Para tanto, é importante recordar que a democracia pode ser conceituada do ponto de vista formal e do ponto de vista material, como nos ensina Norberto Bobbio. De fato, a democracia possui um conceito formal, referente ao "conjunto de regras cuja observância é necessária para que o poder político seja efetivamente distribuído entre a maior parte dos cidadãos", e outro substancial, ligado à ideia de igualdade [2]

Ou seja, o conceito formal está relacionado às questões procedimentais das eleições e da participação política. Já em seu conceito material, democracia relaciona-se à distribuição igualitária de bens, direitos, serviços.

Em tese, é possível realizar a distribuição igualitária de bens e prestar serviços públicos básicos com eficiência, como, por exemplo, serviços de educação, sem se atentar para o desenvolvimento de direitos políticos. Assim como é possível uma sociedade com o aparente desenvolvimento dos direitos políticos sem que os cidadãos tenham acesso igualitário a bens e serviços públicos básicos, e em que o desenvolvimento econômico não foi atingido por questões diversas. Diante dessa possível realidade dual, que pode inclusive ocorrer com gradações, põem-se as questões da relevância dos direitos econômicos em relação aos direitos políticos e vice-versa, assim como se há alguma noção de desenvolvimento econômico em uma democracia que seja inegociável, porque inerente ao próprio conceito de igualdade.

Alguns questionamentos podem então ser formulados:

a) Por que se preocupar com questões políticas diante da aparente premência de direitos econômicos relacionados a necessidades materiais? (Questionamento apresentado por Amartya Sen, quando reflete sobre a importância da democracia);

b) O combate à pobreza e a prestação de serviços sociais mínimos devem ser elementos considerados essenciais não apenas à democracia social, mas também à democracia em sua acepção política?;

c) O desenvolvimento econômico em uma democracia pode dispensar a tentativa de combate à pobreza?; 

d) Questões sobre a condição econômica mínima de um indivíduo são relacionadas à democracia em seu aspecto material/social ou também político?
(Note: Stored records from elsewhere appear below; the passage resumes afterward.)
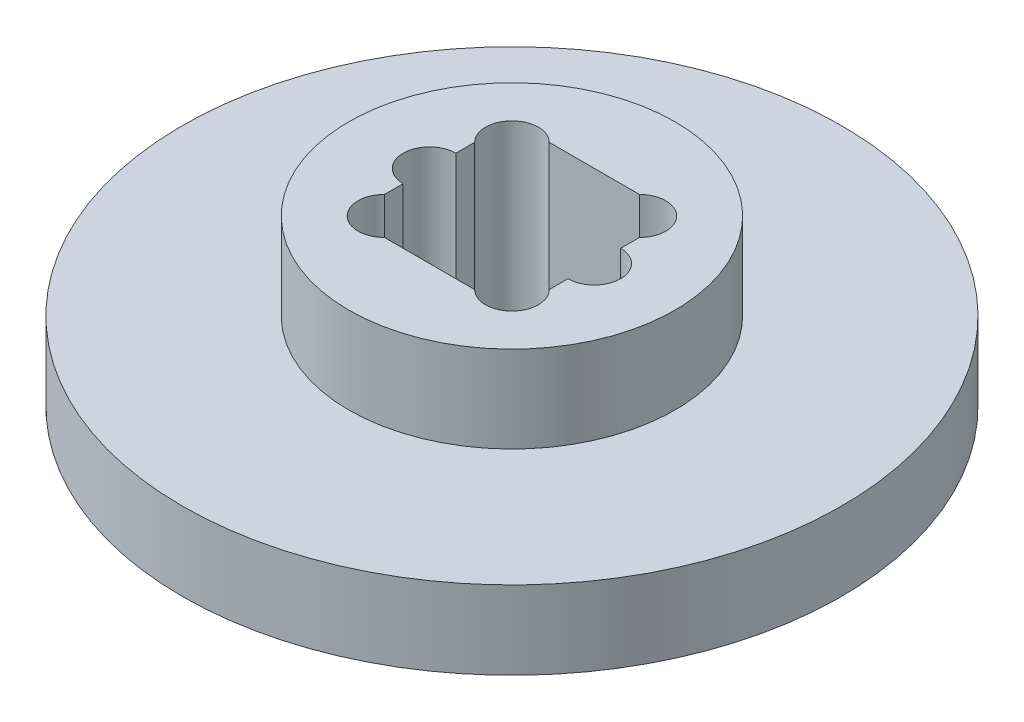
ISO-10303-21;
HEADER;
FILE_DESCRIPTION(('STEP AP214'),'2;1');
FILE_NAME('part.step','',(''),(''),'','','');
FILE_SCHEMA(('AUTOMOTIVE_DESIGN { 1 0 10303 214 1 1 1 1 }'));
ENDSEC;
DATA;
#1=APPLICATION_CONTEXT('core data for automotive mechanical design processes');
#2=APPLICATION_PROTOCOL_DEFINITION('international standard','automotive_design',2000,#1);
#3=PRODUCT_CONTEXT('',#1,'mechanical');
#4=PRODUCT('Part','Part','',(#3));
#5=PRODUCT_RELATED_PRODUCT_CATEGORY('part','',(#4));
#6=PRODUCT_DEFINITION_FORMATION('','',#4);
#7=PRODUCT_DEFINITION_CONTEXT('part definition',#1,'design');
#8=PRODUCT_DEFINITION('design','',#6,#7);
#9=PRODUCT_DEFINITION_SHAPE('','',#8);
#10=(LENGTH_UNIT() NAMED_UNIT(*) SI_UNIT(.MILLI.,.METRE.));
#11=(NAMED_UNIT(*) PLANE_ANGLE_UNIT() SI_UNIT($,.RADIAN.));
#12=(NAMED_UNIT(*) SI_UNIT($,.STERADIAN.) SOLID_ANGLE_UNIT());
#13=UNCERTAINTY_MEASURE_WITH_UNIT(LENGTH_MEASURE(1.E-05),#10,'distance_accuracy_value','');
#14=(GEOMETRIC_REPRESENTATION_CONTEXT(3) GLOBAL_UNCERTAINTY_ASSIGNED_CONTEXT((#13)) GLOBAL_UNIT_ASSIGNED_CONTEXT((#10,
#11,#12)) REPRESENTATION_CONTEXT('',''));
#15=CARTESIAN_POINT('',(0.,0.,0.));
#16=DIRECTION('',(0.,0.,1.));
#17=DIRECTION('',(1.,0.,0.));
#18=AXIS2_PLACEMENT_3D('',#15,#16,#17);
#19=CARTESIAN_POINT('',(5.,0.,-2.73725830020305));
#20=DIRECTION('',(1.,0.,0.));
#21=DIRECTION('',(0.,0.,-1.));
#22=AXIS2_PLACEMENT_3D('',#19,#20,#21);
#23=PLANE('',#22);
#24=DIRECTION('',(0.,0.,-1.));
#25=VECTOR('',#24,1.);
#26=CARTESIAN_POINT('',(5.,10.,-2.73725830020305));
#27=LINE('',#26,#25);
#28=CARTESIAN_POINT('',(4.99999999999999,10.,2.73725830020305));
#29=VERTEX_POINT('',#28);
#30=CARTESIAN_POINT('',(4.99999999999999,10.,1.6));
#31=VERTEX_POINT('',#30);
#32=EDGE_CURVE('E131',#29,#31,#27,.T.);
#33=ORIENTED_EDGE('',*,*,#32,.T.);
#34=DIRECTION('',(0.,-1.,0.));
#35=VECTOR('',#34,1.);
#36=CARTESIAN_POINT('',(4.99999999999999,10.,1.6));
#37=LINE('',#36,#35);
#38=CARTESIAN_POINT('',(4.99999999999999,0.,1.6));
#39=VERTEX_POINT('',#38);
#40=EDGE_CURVE('E11',#31,#39,#37,.T.);
#41=ORIENTED_EDGE('',*,*,#40,.T.);
#42=DIRECTION('',(0.,0.,-1.));
#43=VECTOR('',#42,1.);
#44=CARTESIAN_POINT('',(5.,0.,-2.73725830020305));
#45=LINE('',#44,#43);
#46=CARTESIAN_POINT('',(4.99999999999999,0.,2.73725830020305));
#47=VERTEX_POINT('',#46);
#48=EDGE_CURVE('E128',#47,#39,#45,.T.);
#49=ORIENTED_EDGE('',*,*,#48,.F.);
#50=DIRECTION('',(0.,1.,0.));
#51=VECTOR('',#50,1.);
#52=CARTESIAN_POINT('',(4.99999999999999,0.,2.73725830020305));
#53=LINE('',#52,#51);
#54=EDGE_CURVE('E181',#47,#29,#53,.T.);
#55=ORIENTED_EDGE('',*,*,#54,.T.);
#56=EDGE_LOOP('',(#33,#41,#49,#55));
#57=FACE_BOUND('',#56,.T.);
#58=ADVANCED_FACE('F32',(#57),#23,.F.);
#59=CARTESIAN_POINT('',(-5.,0.,-2.73725830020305));
#60=DIRECTION('',(-1.,0.,0.));
#61=DIRECTION('',(0.,0.,1.));
#62=AXIS2_PLACEMENT_3D('',#59,#60,#61);
#63=PLANE('',#62);
#64=DIRECTION('',(0.,0.,1.));
#65=VECTOR('',#64,1.);
#66=CARTESIAN_POINT('',(-5.,10.,-2.73725830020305));
#67=LINE('',#66,#65);
#68=CARTESIAN_POINT('',(-5.,10.,-2.73725830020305));
#69=VERTEX_POINT('',#68);
#70=CARTESIAN_POINT('',(-5.,10.,-1.6));
#71=VERTEX_POINT('',#70);
#72=EDGE_CURVE('E152',#69,#71,#67,.T.);
#73=ORIENTED_EDGE('',*,*,#72,.T.);
#74=DIRECTION('',(0.,-1.,0.));
#75=VECTOR('',#74,1.);
#76=CARTESIAN_POINT('',(-5.,10.,-1.6));
#77=LINE('',#76,#75);
#78=CARTESIAN_POINT('',(-5.,0.,-1.6));
#79=VERTEX_POINT('',#78);
#80=EDGE_CURVE('E205',#71,#79,#77,.T.);
#81=ORIENTED_EDGE('',*,*,#80,.T.);
#82=DIRECTION('',(0.,0.,1.));
#83=VECTOR('',#82,1.);
#84=CARTESIAN_POINT('',(-5.,0.,-2.73725830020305));
#85=LINE('',#84,#83);
#86=CARTESIAN_POINT('',(-5.,0.,-2.73725830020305));
#87=VERTEX_POINT('',#86);
#88=EDGE_CURVE('E231',#87,#79,#85,.T.);
#89=ORIENTED_EDGE('',*,*,#88,.F.);
#90=DIRECTION('',(0.,1.,0.));
#91=VECTOR('',#90,1.);
#92=CARTESIAN_POINT('',(-5.,0.,-2.73725830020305));
#93=LINE('',#92,#91);
#94=EDGE_CURVE('E148',#87,#69,#93,.T.);
#95=ORIENTED_EDGE('',*,*,#94,.T.);
#96=EDGE_LOOP('',(#73,#81,#89,#95));
#97=FACE_BOUND('',#96,.T.);
#98=ADVANCED_FACE('F261',(#97),#63,.F.);
#99=CARTESIAN_POINT('',(0.,4.75,0.));
#100=DIRECTION('',(0.,1.,0.));
#101=DIRECTION('',(0.,0.,1.));
#102=AXIS2_PLACEMENT_3D('',#99,#100,#101);
#103=PLANE('',#102);
#104=CARTESIAN_POINT('',(0.,4.75,0.));
#105=DIRECTION('',(0.,1.,0.));
#106=DIRECTION('',(0.,0.,1.));
#107=AXIS2_PLACEMENT_3D('',#104,#105,#106);
#108=CIRCLE('',#107,20.);
#109=CARTESIAN_POINT('',(0.,4.75,20.));
#110=VERTEX_POINT('',#109);
#111=EDGE_CURVE('E198',#110,#110,#108,.T.);
#112=ORIENTED_EDGE('',*,*,#111,.T.);
#113=EDGE_LOOP('',(#112));
#114=FACE_BOUND('',#113,.T.);
#115=CARTESIAN_POINT('',(0.,4.75,0.));
#116=DIRECTION('',(0.,1.,0.));
#117=DIRECTION('',(0.,0.,1.));
#118=AXIS2_PLACEMENT_3D('',#115,#116,#117);
#119=CIRCLE('',#118,9.9);
#120=CARTESIAN_POINT('',(0.,4.75,-9.9));
#121=VERTEX_POINT('',#120);
#122=EDGE_CURVE('E175',#121,#121,#119,.T.);
#123=ORIENTED_EDGE('',*,*,#122,.F.);
#124=EDGE_LOOP('',(#123));
#125=FACE_BOUND('',#124,.T.);
#126=ADVANCED_FACE('F263',(#114,#125),#103,.T.);
#127=CARTESIAN_POINT('',(0.,4.75,0.));
#128=DIRECTION('',(0.,-1.,0.));
#129=DIRECTION('',(0.,0.,-1.));
#130=AXIS2_PLACEMENT_3D('',#127,#128,#129);
#131=CYLINDRICAL_SURFACE('',#130,20.);
#132=ORIENTED_EDGE('',*,*,#111,.F.);
#133=EDGE_LOOP('',(#132));
#134=FACE_BOUND('',#133,.T.);
#135=CARTESIAN_POINT('',(0.,0.,0.));
#136=DIRECTION('',(0.,1.,0.));
#137=DIRECTION('',(0.,0.,1.));
#138=AXIS2_PLACEMENT_3D('',#135,#136,#137);
#139=CIRCLE('',#138,20.);
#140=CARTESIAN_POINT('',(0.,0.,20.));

Importa, a propósito, considerar que são pressupostos da democracia a liberdade, a igualdade, a previsibilidade normativa, a participação na Administração e seu controle. Uma sociedade sem qualquer um desses elementos impede que "o poder político seja distribuído entre a maior parte dos cidadãos", ou seja, prejudica a concretização da democracia, mesmo do seu ponto de vista formal.

Não atentar para essas questões põe em risco não apenas a democracia em sentido material, mas também a democracia em sentido formal, como podemos analisar diante de exemplos contemporâneos enfrentados pelo Brasil, que deixam a questão mais nítida. Esses exemplos podem ser apontados como desafios e vícios da democracia brasileira.

a) A pobreza torna as pessoas mais vulneráveis à compra e venda do voto, viciando eleições;

b) A pobreza impede o acesso à educação, principalmente num cenário como o atual, em que a educação requer o uso da tecnologia. Sem educação não é possível participar corretamente da política;

c) A falta de verbas adequadas para áreas sociais fragiliza o financiamento da política, já que em democracias esta depende de financiamento público (por exemplo, pesquisa realizada no Brasil revelou que parte considerável da população deseja que a verba do Fundo para Financiamento de Campanha vá para a saúde e seja usado no combate ao coronavírus); e

d) A pobreza e a falta de investimento público adequado em áreas sociais essenciais tornam as pessoas mais sujeitas à prática de abuso do poder econômico, o que contribui para a manutenção do status quo.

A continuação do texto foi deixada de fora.